** Opening Supplied data block **

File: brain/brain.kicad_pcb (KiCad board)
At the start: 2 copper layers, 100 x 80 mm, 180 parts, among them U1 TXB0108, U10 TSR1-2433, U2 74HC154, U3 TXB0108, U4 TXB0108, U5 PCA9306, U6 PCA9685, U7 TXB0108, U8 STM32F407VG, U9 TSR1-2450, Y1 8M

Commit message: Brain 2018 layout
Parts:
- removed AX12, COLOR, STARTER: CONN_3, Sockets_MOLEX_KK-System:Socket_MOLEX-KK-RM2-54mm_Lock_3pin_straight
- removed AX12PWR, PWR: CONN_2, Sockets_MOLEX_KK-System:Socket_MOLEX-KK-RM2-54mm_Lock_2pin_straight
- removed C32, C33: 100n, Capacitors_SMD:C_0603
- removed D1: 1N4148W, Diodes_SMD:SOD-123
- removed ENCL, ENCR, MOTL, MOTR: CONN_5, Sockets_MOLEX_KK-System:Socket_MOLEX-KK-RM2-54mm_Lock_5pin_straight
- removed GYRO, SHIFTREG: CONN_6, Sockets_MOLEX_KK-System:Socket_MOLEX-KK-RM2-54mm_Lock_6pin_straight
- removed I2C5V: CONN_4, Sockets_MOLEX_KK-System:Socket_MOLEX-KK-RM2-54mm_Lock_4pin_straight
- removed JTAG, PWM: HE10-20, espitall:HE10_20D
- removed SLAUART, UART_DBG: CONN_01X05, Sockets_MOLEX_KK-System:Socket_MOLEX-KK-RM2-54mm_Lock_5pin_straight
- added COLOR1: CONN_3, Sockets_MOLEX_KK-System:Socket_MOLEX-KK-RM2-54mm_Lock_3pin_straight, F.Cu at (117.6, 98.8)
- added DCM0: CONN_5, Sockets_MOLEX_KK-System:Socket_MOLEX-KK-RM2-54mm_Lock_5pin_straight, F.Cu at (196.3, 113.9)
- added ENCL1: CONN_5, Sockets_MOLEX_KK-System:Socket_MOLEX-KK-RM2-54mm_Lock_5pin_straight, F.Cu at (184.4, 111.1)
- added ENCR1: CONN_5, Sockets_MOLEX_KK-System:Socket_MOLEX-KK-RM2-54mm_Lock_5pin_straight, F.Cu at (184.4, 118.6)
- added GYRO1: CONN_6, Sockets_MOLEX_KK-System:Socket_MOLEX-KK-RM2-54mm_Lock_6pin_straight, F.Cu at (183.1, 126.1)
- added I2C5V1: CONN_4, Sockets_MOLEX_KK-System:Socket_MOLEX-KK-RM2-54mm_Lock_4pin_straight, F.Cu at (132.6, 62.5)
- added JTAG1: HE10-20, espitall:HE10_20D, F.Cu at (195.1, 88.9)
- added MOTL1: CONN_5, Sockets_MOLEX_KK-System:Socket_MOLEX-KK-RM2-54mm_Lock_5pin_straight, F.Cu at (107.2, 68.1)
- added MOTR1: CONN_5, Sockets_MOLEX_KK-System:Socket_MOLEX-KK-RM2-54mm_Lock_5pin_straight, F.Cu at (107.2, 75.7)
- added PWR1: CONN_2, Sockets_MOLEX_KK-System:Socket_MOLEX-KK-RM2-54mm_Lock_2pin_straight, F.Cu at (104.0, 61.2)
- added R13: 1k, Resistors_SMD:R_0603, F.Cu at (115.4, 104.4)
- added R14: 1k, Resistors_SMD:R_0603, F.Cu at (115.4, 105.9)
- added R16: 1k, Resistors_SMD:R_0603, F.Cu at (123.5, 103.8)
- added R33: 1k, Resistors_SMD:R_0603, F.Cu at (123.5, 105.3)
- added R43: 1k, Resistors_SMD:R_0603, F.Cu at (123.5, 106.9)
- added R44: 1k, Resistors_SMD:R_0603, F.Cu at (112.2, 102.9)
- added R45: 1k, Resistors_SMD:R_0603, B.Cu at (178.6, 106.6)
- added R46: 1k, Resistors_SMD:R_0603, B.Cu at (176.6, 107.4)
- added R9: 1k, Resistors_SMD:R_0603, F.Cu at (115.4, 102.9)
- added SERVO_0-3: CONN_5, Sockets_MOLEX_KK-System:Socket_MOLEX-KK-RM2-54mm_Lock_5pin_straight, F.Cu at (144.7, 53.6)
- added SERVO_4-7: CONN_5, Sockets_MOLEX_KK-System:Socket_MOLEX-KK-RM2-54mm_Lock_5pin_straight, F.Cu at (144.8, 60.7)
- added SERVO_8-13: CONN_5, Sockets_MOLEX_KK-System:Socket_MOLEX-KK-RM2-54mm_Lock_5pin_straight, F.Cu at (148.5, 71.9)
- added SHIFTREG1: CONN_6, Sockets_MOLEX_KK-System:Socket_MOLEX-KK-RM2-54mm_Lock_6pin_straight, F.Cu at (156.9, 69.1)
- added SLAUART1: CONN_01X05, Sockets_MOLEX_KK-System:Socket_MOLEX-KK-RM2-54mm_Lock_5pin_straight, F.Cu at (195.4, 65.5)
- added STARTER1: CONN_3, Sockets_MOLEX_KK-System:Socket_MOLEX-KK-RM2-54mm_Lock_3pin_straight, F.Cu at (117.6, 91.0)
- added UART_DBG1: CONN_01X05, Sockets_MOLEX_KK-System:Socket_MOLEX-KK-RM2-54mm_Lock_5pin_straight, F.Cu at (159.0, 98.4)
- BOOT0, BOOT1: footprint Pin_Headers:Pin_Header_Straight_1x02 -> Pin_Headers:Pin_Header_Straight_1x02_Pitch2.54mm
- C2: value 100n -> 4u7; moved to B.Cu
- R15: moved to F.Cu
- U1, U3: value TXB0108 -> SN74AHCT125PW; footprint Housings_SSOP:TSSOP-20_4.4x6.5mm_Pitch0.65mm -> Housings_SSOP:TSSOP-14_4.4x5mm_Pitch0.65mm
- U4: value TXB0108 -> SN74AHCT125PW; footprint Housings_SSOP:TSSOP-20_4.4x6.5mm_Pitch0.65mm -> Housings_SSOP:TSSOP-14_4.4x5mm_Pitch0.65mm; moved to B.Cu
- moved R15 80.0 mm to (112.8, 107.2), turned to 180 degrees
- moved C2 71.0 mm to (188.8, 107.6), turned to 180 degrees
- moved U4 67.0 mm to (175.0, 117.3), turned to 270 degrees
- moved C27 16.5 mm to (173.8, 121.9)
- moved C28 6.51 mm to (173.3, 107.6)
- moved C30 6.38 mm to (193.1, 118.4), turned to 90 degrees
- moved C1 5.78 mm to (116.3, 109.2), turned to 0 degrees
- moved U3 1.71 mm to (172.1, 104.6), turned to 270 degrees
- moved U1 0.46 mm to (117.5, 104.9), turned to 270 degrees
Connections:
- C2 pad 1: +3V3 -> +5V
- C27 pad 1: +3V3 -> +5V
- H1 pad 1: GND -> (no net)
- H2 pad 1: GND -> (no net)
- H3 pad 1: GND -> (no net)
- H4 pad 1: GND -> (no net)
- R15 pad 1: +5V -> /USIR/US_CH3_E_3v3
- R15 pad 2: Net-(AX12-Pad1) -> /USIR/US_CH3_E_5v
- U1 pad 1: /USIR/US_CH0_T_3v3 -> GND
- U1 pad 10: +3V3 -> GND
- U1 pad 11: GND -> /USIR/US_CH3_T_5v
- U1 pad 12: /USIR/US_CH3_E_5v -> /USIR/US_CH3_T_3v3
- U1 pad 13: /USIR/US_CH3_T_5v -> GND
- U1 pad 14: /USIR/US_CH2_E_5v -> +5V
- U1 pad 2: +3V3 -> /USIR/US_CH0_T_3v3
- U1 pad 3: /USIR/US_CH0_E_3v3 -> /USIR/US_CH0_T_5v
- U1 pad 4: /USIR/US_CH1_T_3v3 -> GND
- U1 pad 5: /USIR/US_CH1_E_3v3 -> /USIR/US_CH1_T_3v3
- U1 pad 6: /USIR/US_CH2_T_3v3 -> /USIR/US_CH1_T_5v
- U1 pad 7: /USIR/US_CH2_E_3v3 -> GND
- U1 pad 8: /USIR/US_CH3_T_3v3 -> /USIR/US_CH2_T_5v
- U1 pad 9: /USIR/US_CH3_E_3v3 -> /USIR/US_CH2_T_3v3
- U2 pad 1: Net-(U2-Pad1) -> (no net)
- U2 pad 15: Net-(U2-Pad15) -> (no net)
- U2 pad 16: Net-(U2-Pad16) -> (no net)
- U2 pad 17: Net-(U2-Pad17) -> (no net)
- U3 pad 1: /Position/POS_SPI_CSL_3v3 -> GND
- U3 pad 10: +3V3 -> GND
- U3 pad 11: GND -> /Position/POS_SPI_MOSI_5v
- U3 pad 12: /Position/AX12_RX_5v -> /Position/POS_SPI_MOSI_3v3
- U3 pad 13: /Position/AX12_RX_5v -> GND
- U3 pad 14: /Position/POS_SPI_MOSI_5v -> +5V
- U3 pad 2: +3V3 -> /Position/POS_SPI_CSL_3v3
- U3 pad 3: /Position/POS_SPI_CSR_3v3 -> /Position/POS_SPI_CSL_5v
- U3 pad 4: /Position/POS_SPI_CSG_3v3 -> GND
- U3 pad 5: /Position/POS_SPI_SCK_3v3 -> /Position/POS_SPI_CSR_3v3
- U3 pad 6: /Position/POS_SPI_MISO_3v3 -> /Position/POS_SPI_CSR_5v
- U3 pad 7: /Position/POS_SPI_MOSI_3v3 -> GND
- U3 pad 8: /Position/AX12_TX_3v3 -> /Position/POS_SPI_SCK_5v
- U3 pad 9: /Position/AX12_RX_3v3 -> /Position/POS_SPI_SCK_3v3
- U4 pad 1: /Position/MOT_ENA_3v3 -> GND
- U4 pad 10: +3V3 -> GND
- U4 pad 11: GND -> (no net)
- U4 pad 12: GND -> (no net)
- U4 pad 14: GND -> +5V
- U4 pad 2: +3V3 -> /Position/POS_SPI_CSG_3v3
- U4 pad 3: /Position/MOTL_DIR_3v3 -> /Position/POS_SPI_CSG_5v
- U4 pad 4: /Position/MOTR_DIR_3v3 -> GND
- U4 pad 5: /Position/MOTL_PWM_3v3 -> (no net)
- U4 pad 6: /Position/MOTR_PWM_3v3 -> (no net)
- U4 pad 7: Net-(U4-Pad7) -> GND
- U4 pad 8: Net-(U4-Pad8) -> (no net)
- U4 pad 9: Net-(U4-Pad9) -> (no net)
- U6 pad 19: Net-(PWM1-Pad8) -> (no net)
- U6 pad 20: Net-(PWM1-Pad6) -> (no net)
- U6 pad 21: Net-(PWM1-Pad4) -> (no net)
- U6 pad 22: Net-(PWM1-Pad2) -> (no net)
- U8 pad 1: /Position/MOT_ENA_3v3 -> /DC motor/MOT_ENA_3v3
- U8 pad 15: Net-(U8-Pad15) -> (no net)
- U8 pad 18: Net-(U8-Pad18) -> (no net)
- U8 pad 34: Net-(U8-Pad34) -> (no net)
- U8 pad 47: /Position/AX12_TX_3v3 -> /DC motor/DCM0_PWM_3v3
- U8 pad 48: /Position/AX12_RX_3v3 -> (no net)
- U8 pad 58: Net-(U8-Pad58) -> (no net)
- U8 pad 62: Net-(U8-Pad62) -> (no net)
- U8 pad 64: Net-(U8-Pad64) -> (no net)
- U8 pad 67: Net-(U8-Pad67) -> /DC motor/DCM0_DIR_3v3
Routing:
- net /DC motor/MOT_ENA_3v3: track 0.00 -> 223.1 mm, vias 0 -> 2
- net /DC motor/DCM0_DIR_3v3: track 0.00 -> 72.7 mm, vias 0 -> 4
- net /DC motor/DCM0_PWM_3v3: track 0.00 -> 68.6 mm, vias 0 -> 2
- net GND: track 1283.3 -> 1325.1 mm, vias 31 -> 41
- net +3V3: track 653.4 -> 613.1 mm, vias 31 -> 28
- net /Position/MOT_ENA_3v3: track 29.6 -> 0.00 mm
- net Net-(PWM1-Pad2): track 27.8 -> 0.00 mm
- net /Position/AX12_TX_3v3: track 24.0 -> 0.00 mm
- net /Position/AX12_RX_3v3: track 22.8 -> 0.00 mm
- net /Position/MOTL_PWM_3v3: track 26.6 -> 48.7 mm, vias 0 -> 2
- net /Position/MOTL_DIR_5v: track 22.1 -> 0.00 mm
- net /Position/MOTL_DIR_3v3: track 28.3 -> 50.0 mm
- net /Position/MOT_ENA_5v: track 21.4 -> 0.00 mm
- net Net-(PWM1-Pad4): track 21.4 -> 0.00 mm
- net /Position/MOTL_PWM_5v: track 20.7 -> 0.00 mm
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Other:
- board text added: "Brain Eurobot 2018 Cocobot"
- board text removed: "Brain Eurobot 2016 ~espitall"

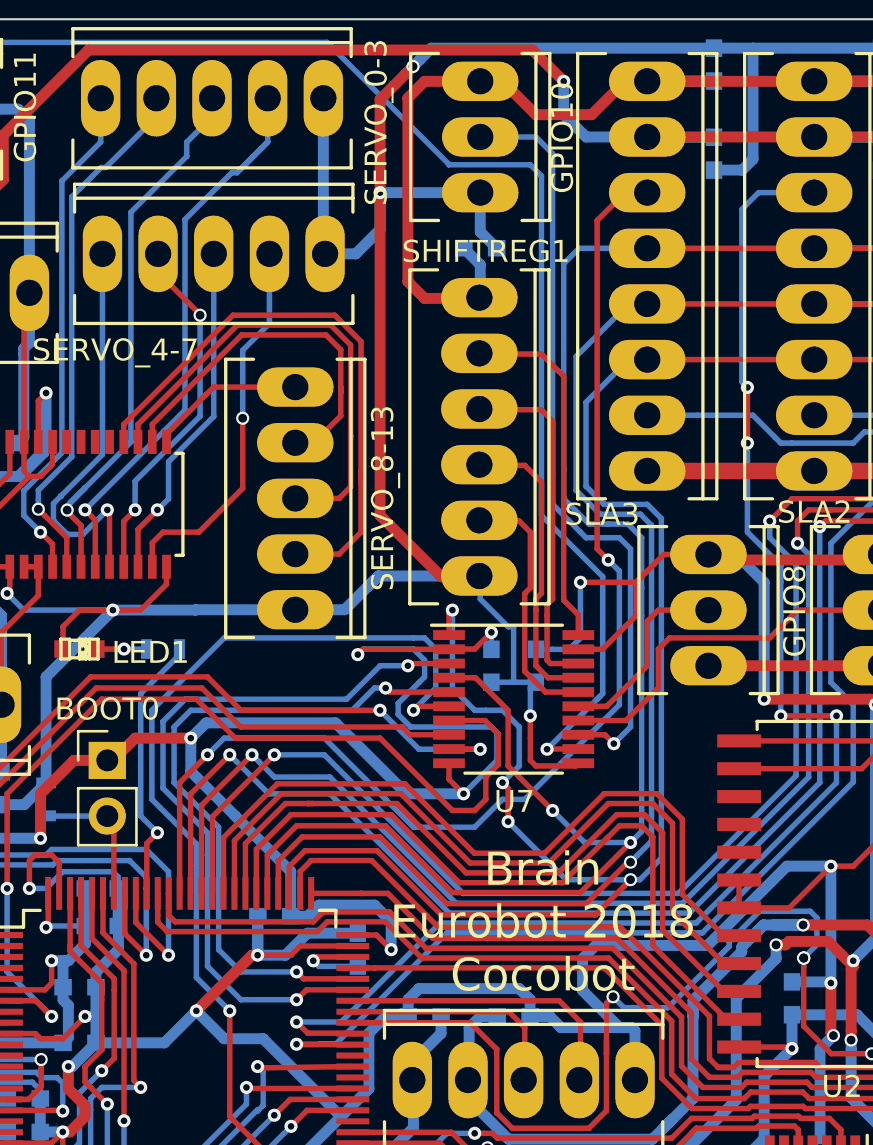
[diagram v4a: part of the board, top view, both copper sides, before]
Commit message: change shift register connector to match Cocoout and Cocoin
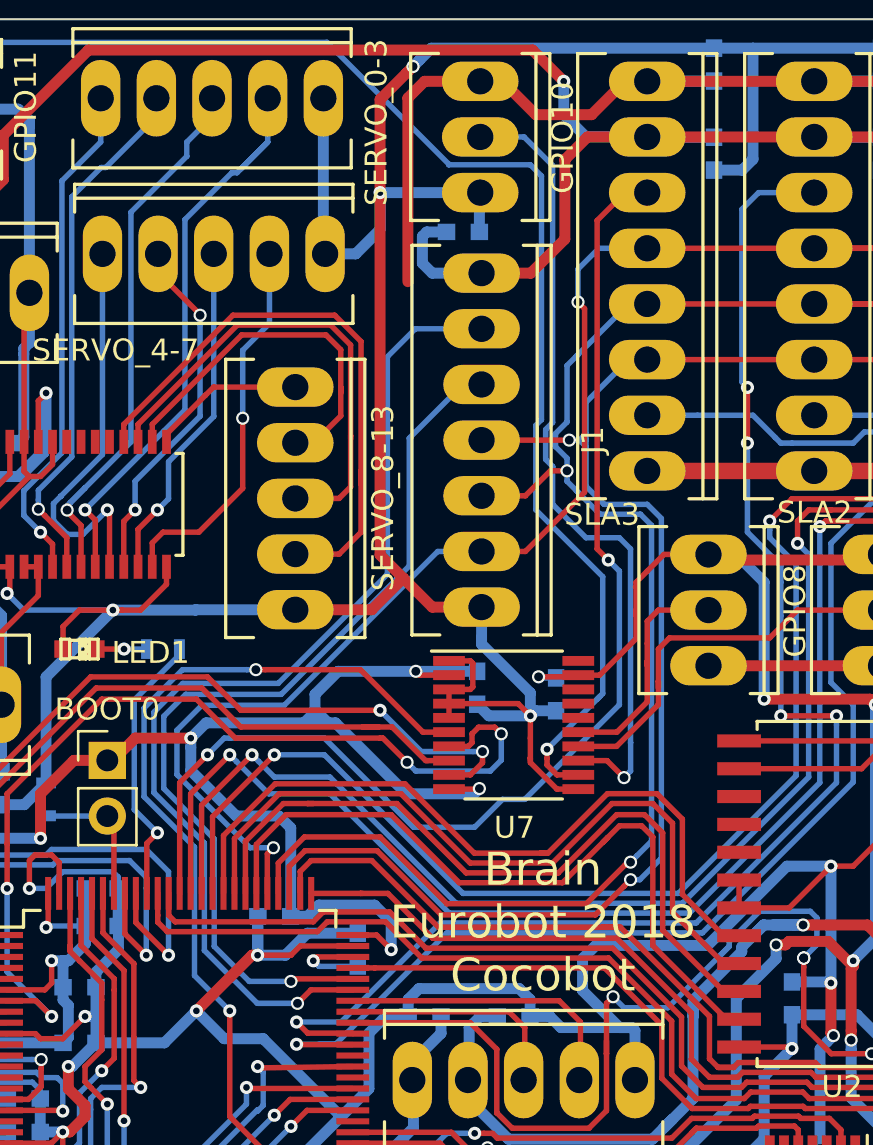
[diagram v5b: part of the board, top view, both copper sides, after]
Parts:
- removed SHIFTREG1: CONN_6, Sockets_MOLEX_KK-System:Socket_MOLEX-KK-RM2-54mm_Lock_6pin_straight
- added J1: CONN_01X07, espitall:Socket_MOLEX-KK-RM2-54mm_Lock_7pin_straight, F.Cu at (157.0, 69.2)
- moved C58 1.60 mm to (160.4, 80.8)
- moved C57 1.19 mm to (156.8, 80.5)
- moved U7 1.18 mm to (158.5, 82.2)
- moved C61 1.09 mm to (156.2, 59.7)
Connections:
- net /Slave/SLA_SPI_MISO_3v3 renamed /GPIO/SLA_SPI_MISO_3v3
- C61 pad 1: +5V -> +3V3
- U7 pad 1: /GPIO/SLA_SPI_SCK_3v3 -> GND
- U7 pad 16: /GPIO/GPIO_SHIFT_OE_5V -> (no net)
- U7 pad 17: /GPIO/GPIO_SHIFT_DATA_5V -> (no net)
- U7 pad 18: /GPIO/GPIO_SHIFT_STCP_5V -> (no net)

** Closing Supplied data block **

(Task description) List every line from the entries above in which "TSSOP" appears.

(Finished task)
- U1, U3: value TXB0108 -> SN74AHCT125PW; footprint Housings_SSOP:TSSOP-20_4.4x6.5mm_Pitch0.65mm -> Housings_SSOP:TSSOP-14_4.4x5mm_Pitch0.65mm
- U4: value TXB0108 -> SN74AHCT125PW; footprint Housings_SSOP:TSSOP-20_4.4x6.5mm_Pitch0.65mm -> Housings_SSOP:TSSOP-14_4.4x5mm_Pitch0.65mm; moved to B.Cu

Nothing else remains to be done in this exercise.